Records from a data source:
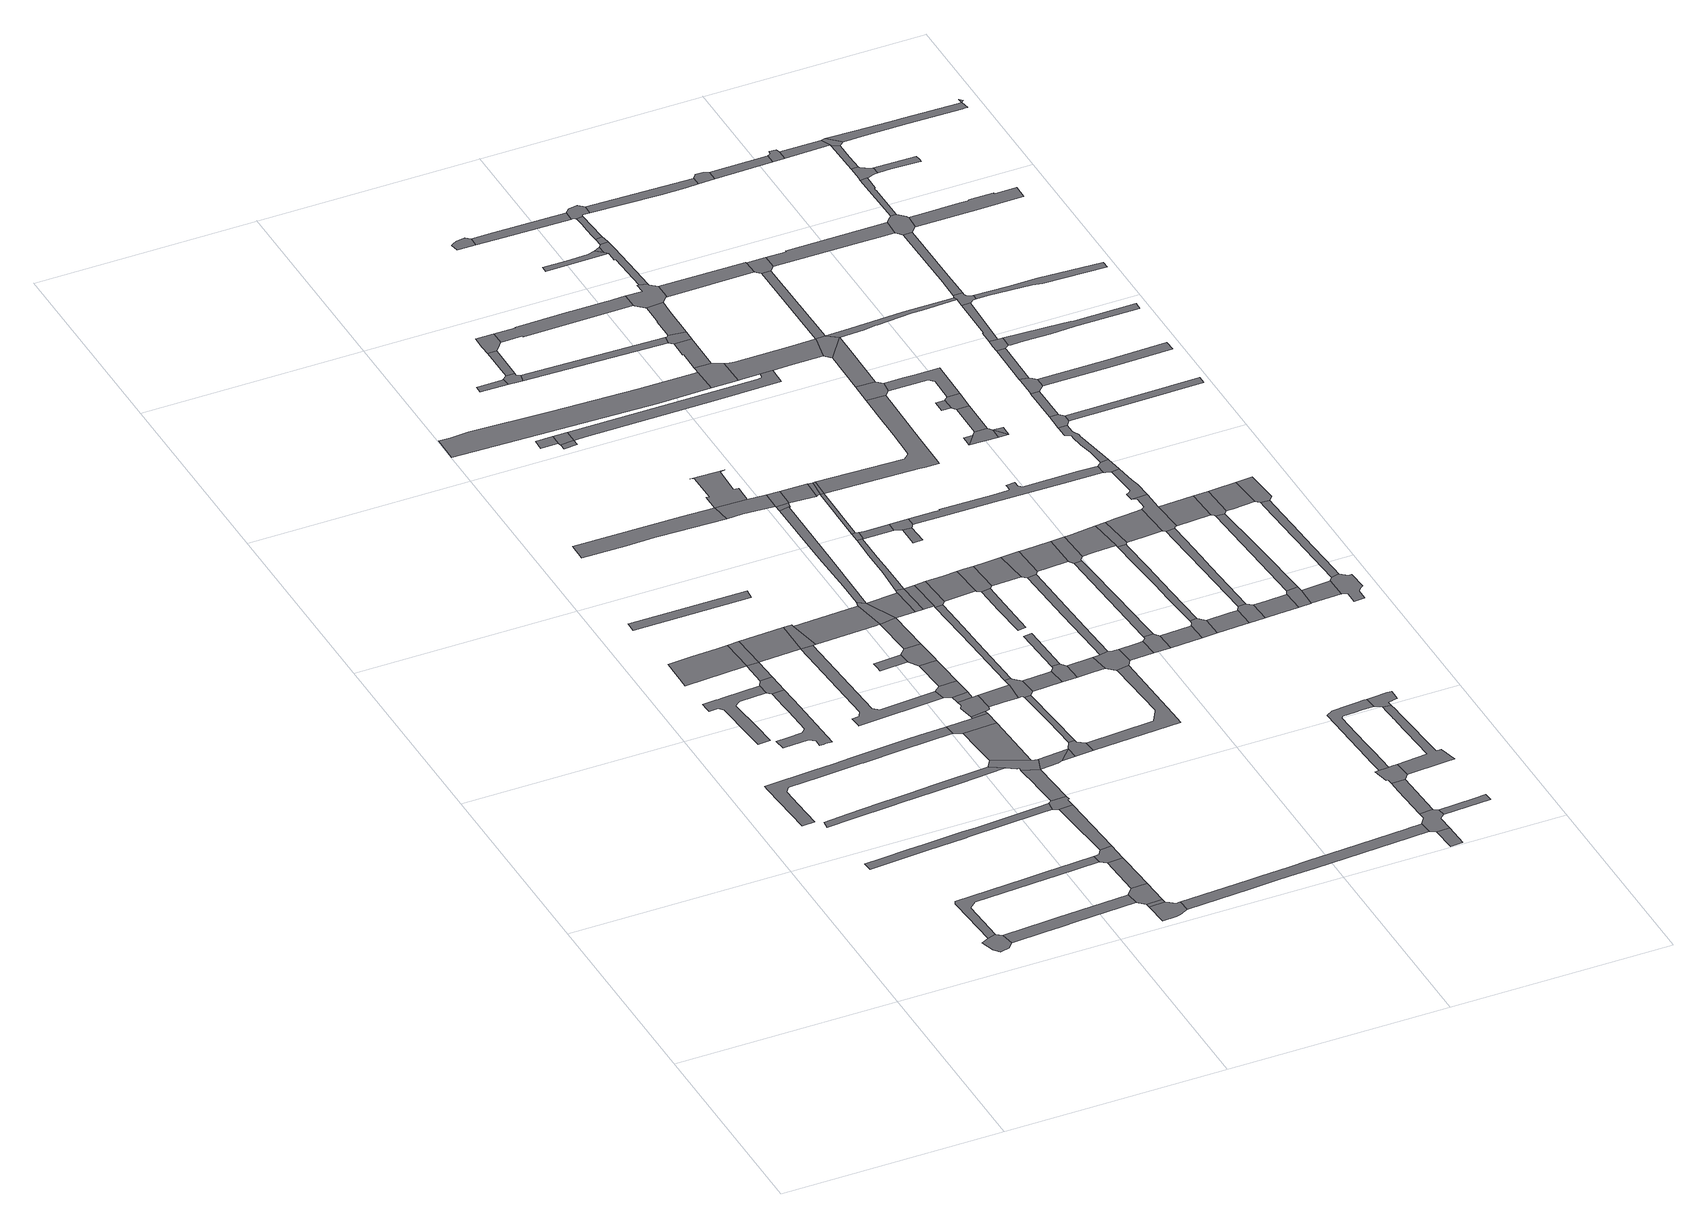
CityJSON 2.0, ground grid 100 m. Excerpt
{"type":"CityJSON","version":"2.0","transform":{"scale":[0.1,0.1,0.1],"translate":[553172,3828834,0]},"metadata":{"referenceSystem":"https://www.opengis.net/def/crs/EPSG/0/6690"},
"CityObjects":{
"road1":{"type":"Road","geometry":[{"type":"MultiSurface","lod":"1","boundaries":[[[0,1,2,3,4,5,6,7]]]}]},
"road2":{"type":"Road","attributes":{"RoadStructureAttribute.sectionType":"1"},"geometry":[{"type":"MultiSurface","lod":"1","boundaries":[[[8,9,10,11,12,13,14,15,16,17,18,19,20,21,22,23,24,25,26]]]}]},
"road3":{"type":"Road","attributes":{"RoadStructureAttribute.sectionType":"1"},"geometry":[{"type":"MultiSurface","lod":"1","boundaries":[[[27,28,29,30,7,6,31,32,33,34]]]}]},
"road4":{"type":"Road","attributes":{"RoadStructureAttribute.sectionType":"1"},"geometry":[{"type":"MultiSurface","lod":"1","boundaries":[[[35,36,37,38,39,40,41,42,43,1,0,44,45,46,47,48,49]]]}]},
"road5":{"type":"Road","attributes":{"RoadStructureAttribute.sectionType":"1"},"geometry":[{"type":"MultiSurface","lod":"1","boundaries":[[[50,51,52,53,54,55,56,57,58,59,60,61,62,63,64,65]]]}]},
"road6":{"type":"Road","attributes":{"RoadStructureAttribute.sectionType":"1"},"geometry":[{"type":"MultiSurface","lod":"1","boundaries":[[[66,67,68,69,70,71,72,73,74,75,76,77,78,79,80,81,82,83,84,85]]]}]},
"road7":{"type":"Road","attributes":{"RoadStructureAttribute.sectionType":"1"},"geometry":[{"type":"MultiSurface","lod":"1","boundaries":[[[86,87,88,89,90,91,92,93,94,95,96,97,98,99,100,101,102,103,104]]]}]},
"road8":{"type":"Road","attributes":{"RoadStructureAttribute.sectionType":"1"},"geometry":[{"type":"MultiSurface","lod":"1","boundaries":[[[105,106,107,108,109,110,111,112]]]}]},
"road9":{"type":"Road","attributes":{"RoadStructureAttribute.sectionType":"1"},"geometry":[{"type":"MultiSurface","lod":"1","boundaries":[[[113,114,115,116,117,118,119,120,121,122,123,124,125,126]]]}]},
"road10":{"type":"Road","geometry":[{"type":"MultiSurface","lod":"1","boundaries":[[[127,128,8,26,96,95]]]}]},
"road11":{"type":"Road","attributes":{"RoadStructureAttribute.sectionType":"1"},"geometry":[{"type":"MultiSurface","lod":"1","boundaries":[[[129,112,128,127]]]}]},
"road12":{"type":"Road","geometry":[{"type":"MultiSurface","lod":"1","boundaries":[[[130,105,112,129]]]}]},
"road13":{"type":"Road","attributes":{"RoadStructureAttribute.sectionType":"1"},"geometry":[{"type":"MultiSurface","lod":"1","boundaries":[[[131,132,133,134]]]}]},
"road14":{"type":"Road","attributes":{"RoadStructureAttribute.sectionType":"1"},"geometry":[{"type":"MultiSurface","lod":"1","boundaries":[[[135,136,137,138]]]}]},
"road15":{"type":"Road","geometry":[{"type":"MultiSurface","lod":"1","boundaries":[[[139,140,27,34,136,135]]]}]},
"road16":{"type":"Road","geometry":[{"type":"MultiSurface","lod":"1","boundaries":[[[141,142,138,137,143,144,145,146,147]]]}]},
"road17":{"type":"Road","attributes":{"RoadStructureAttribute.sectionType":"1"},"geometry":[{"type":"MultiSurface","lod":"1","boundaries":[[[148,130,129,149,150]]]}]},
"road18":{"type":"Road","attributes":{"RoadStructureAttribute.sectionType":"1"},"geometry":[{"type":"MultiSurface","lod":"1","boundaries":[[[151,152,153,154,140,139]]]}]},
"road19":{"type":"Road","geometry":[{"type":"MultiSurface","lod":"1","boundaries":[[[155,156,157,35,49,153,152]]]}]},
"road20":{"type":"Road","attributes":{"RoadStructureAttribute.sectionType":"1"},"geometry":[{"type":"MultiSurface","lod":"1","boundaries":[[[158,159,160,156,155]]]}]},
"road21":{"type":"Road","geometry":[{"type":"MultiSurface","lod":"1","boundaries":[[[161,162,163,164,50,65,159,158]]]}]},
"road22":{"type":"Road","geometry":[{"type":"MultiSurface","lod":"1","boundaries":[[[165,148,150,166,167,168]]]}]},
"road23":{"type":"Road","attributes":{"RoadStructureAttribute.sectionType":"1"},"geometry":[{"type":"MultiSurface","lod":"1","boundaries":[[[169,170,166,150,171,172,173,174,175,176,177]]]}]},
"road24":{"type":"Road","attributes":{"RoadStructureAttribute.sectionType":"1"},"geometry":[{"type":"MultiSurface","lod":"1","boundaries":[[[178,179,180,181,182,183,184,185]]]}]},
"road25":{"type":"Road","geometry":[{"type":"MultiSurface","lod":"1","boundaries":[[[186,113,126,187,188,189,190,191,192,193]]]}]},
"road26":{"type":"Road","attributes":{"RoadStructureAttribute.sectionType":"1"},"geometry":[{"type":"MultiSurface","lod":"1","boundaries":[[[189,194,195,164,163,190]]]}]},
"road27":{"type":"Road","attributes":{"RoadStructureAttribute.sectionType":"1"},"geometry":[{"type":"MultiSurface","lod":"1","boundaries":[[[196,197,198,199,186,193]]]}]},
"road28":{"type":"Road","geometry":[{"type":"MultiSurface","lod":"1","boundaries":[[[200,201,66,85,198,197]]]}]},
"road29":{"type":"Road","attributes":{"RoadStructureAttribute.sectionType":"1"},"geometry":[{"type":"MultiSurface","lod":"1","boundaries":[[[202,203,204,205]]]}]},
"road30":{"type":"Road","geometry":[{"type":"MultiSurface","lod":"1","boundaries":[[[206,207,208,209,210]]]}]},
"road31":{"type":"Road","attributes":{"RoadStructureAttribute.sectionType":"1"},"geometry":[{"type":"MultiSurface","lod":"1","boundaries":[[[211,212,168,167,213,214,215,216]]]}]},
"road32":{"type":"Road","attributes":{"RoadStructureAttribute.sectionType":"1"},"geometry":[{"type":"MultiSurface","lod":"1","boundaries":[[[217,218,201,200]]]}]},
"road33":{"type":"Road","attributes":{"RoadStructureAttribute.sectionType":"1"},"geometry":[{"type":"MultiSurface","lod":"1","boundaries":[[[219,191,190,220,221]]]}]},
"road34":{"type":"Road","geometry":[{"type":"MultiSurface","lod":"1","boundaries":[[[222,223,224,225,226,218,217,227,228]]]}]},
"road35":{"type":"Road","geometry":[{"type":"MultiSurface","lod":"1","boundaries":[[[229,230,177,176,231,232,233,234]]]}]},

# TASK OBJECTIVE
Exclude the pictures and transcribe all of the entries exactly.

# RESPONSE
CityJSON 2.0, ground grid 100 m. Excerpt
{"type":"CityJSON","version":"2.0","transform":{"scale":[0.1,0.1,0.1],"translate":[553172,3828834,0]},"metadata":{"referenceSystem":"https://www.opengis.net/def/crs/EPSG/0/6690"},
"CityObjects":{
"road1":{"type":"Road","geometry":[{"type":"MultiSurface","lod":"1","boundaries":[[[0,1,2,3,4,5,6,7]]]}]},
"road2":{"type":"Road","attributes":{"RoadStructureAttribute.sectionType":"1"},"geometry":[{"type":"MultiSurface","lod":"1","boundaries":[[[8,9,10,11,12,13,14,15,16,17,18,19,20,21,22,23,24,25,26]]]}]},
"road3":{"type":"Road","attributes":{"RoadStructureAttribute.sectionType":"1"},"geometry":[{"type":"MultiSurface","lod":"1","boundaries":[[[27,28,29,30,7,6,31,32,33,34]]]}]},
"road4":{"type":"Road","attributes":{"RoadStructureAttribute.sectionType":"1"},"geometry":[{"type":"MultiSurface","lod":"1","boundaries":[[[35,36,37,38,39,40,41,42,43,1,0,44,45,46,47,48,49]]]}]},
"road5":{"type":"Road","attributes":{"RoadStructureAttribute.sectionType":"1"},"geometry":[{"type":"MultiSurface","lod":"1","boundaries":[[[50,51,52,53,54,55,56,57,58,59,60,61,62,63,64,65]]]}]},
"road6":{"type":"Road","attributes":{"RoadStructureAttribute.sectionType":"1"},"geometry":[{"type":"MultiSurface","lod":"1","boundaries":[[[66,67,68,69,70,71,72,73,74,75,76,77,78,79,80,81,82,83,84,85]]]}]},
"road7":{"type":"Road","attributes":{"RoadStructureAttribute.sectionType":"1"},"geometry":[{"type":"MultiSurface","lod":"1","boundaries":[[[86,87,88,89,90,91,92,93,94,95,96,97,98,99,100,101,102,103,104]]]}]},
"road8":{"type":"Road","attributes":{"RoadStructureAttribute.sectionType":"1"},"geometry":[{"type":"MultiSurface","lod":"1","boundaries":[[[105,106,107,108,109,110,111,112]]]}]},
"road9":{"type":"Road","attributes":{"RoadStructureAttribute.sectionType":"1"},"geometry":[{"type":"MultiSurface","lod":"1","boundaries":[[[113,114,115,116,117,118,119,120,121,122,123,124,125,126]]]}]},
"road10":{"type":"Road","geometry":[{"type":"MultiSurface","lod":"1","boundaries":[[[127,128,8,26,96,95]]]}]},
"road11":{"type":"Road","attributes":{"RoadStructureAttribute.sectionType":"1"},"geometry":[{"type":"MultiSurface","lod":"1","boundaries":[[[129,112,128,127]]]}]},
"road12":{"type":"Road","geometry":[{"type":"MultiSurface","lod":"1","boundaries":[[[130,105,112,129]]]}]},
"road13":{"type":"Road","attributes":{"RoadStructureAttribute.sectionType":"1"},"geometry":[{"type":"MultiSurface","lod":"1","boundaries":[[[131,132,133,134]]]}]},
"road14":{"type":"Road","attributes":{"RoadStructureAttribute.sectionType":"1"},"geometry":[{"type":"MultiSurface","lod":"1","boundaries":[[[135,136,137,138]]]}]},
"road15":{"type":"Road","geometry":[{"type":"MultiSurface","lod":"1","boundaries":[[[139,140,27,34,136,135]]]}]},
"road16":{"type":"Road","geometry":[{"type":"MultiSurface","lod":"1","boundaries":[[[141,142,138,137,143,144,145,146,147]]]}]},
"road17":{"type":"Road","attributes":{"RoadStructureAttribute.sectionType":"1"},"geometry":[{"type":"MultiSurface","lod":"1","boundaries":[[[148,130,129,149,150]]]}]},
"road18":{"type":"Road","attributes":{"RoadStructureAttribute.sectionType":"1"},"geometry":[{"type":"MultiSurface","lod":"1","boundaries":[[[151,152,153,154,140,139]]]}]},
"road19":{"type":"Road","geometry":[{"type":"MultiSurface","lod":"1","boundaries":[[[155,156,157,35,49,153,152]]]}]},
"road20":{"type":"Road","attributes":{"RoadStructureAttribute.sectionType":"1"},"geometry":[{"type":"MultiSurface","lod":"1","boundaries":[[[158,159,160,156,155]]]}]},
"road21":{"type":"Road","geometry":[{"type":"MultiSurface","lod":"1","boundaries":[[[161,162,163,164,50,65,159,158]]]}]},
"road22":{"type":"Road","geometry":[{"type":"MultiSurface","lod":"1","boundaries":[[[165,148,150,166,167,168]]]}]},
"road23":{"type":"Road","attributes":{"RoadStructureAttribute.sectionType":"1"},"geometry":[{"type":"MultiSurface","lod":"1","boundaries":[[[169,170,166,150,171,172,173,174,175,176,177]]]}]},
"road24":{"type":"Road","attributes":{"RoadStructureAttribute.sectionType":"1"},"geometry":[{"type":"MultiSurface","lod":"1","boundaries":[[[178,179,180,181,182,183,184,185]]]}]},
"road25":{"type":"Road","geometry":[{"type":"MultiSurface","lod":"1","boundaries":[[[186,113,126,187,188,189,190,191,192,193]]]}]},
"road26":{"type":"Road","attributes":{"RoadStructureAttribute.sectionType":"1"},"geometry":[{"type":"MultiSurface","lod":"1","boundaries":[[[189,194,195,164,163,190]]]}]},
"road27":{"type":"Road","attributes":{"RoadStructureAttribute.sectionType":"1"},"geometry":[{"type":"MultiSurface","lod":"1","boundaries":[[[196,197,198,199,186,193]]]}]},
"road28":{"type":"Road","geometry":[{"type":"MultiSurface","lod":"1","boundaries":[[[200,201,66,85,198,197]]]}]},
"road29":{"type":"Road","attributes":{"RoadStructureAttribute.sectionType":"1"},"geometry":[{"type":"MultiSurface","lod":"1","boundaries":[[[202,203,204,205]]]}]},
"road30":{"type":"Road","geometry":[{"type":"MultiSurface","lod":"1","boundaries":[[[206,207,208,209,210]]]}]},
"road31":{"type":"Road","attributes":{"RoadStructureAttribute.sectionType":"1"},"geometry":[{"type":"MultiSurface","lod":"1","boundaries":[[[211,212,168,167,213,214,215,216]]]}]},
"road32":{"type":"Road","attributes":{"RoadStructureAttribute.sectionType":"1"},"geometry":[{"type":"MultiSurface","lod":"1","boundaries":[[[217,218,201,200]]]}]},
"road33":{"type":"Road","attributes":{"RoadStructureAttribute.sectionType":"1"},"geometry":[{"type":"MultiSurface","lod":"1","boundaries":[[[219,191,190,220,221]]]}]},
"road34":{"type":"Road","geometry":[{"type":"MultiSurface","lod":"1","boundaries":[[[222,223,224,225,226,218,217,227,228]]]}]},
"road35":{"type":"Road","geometry":[{"type":"MultiSurface","lod":"1","boundaries":[[[229,230,177,176,231,232,233,234]]]}]},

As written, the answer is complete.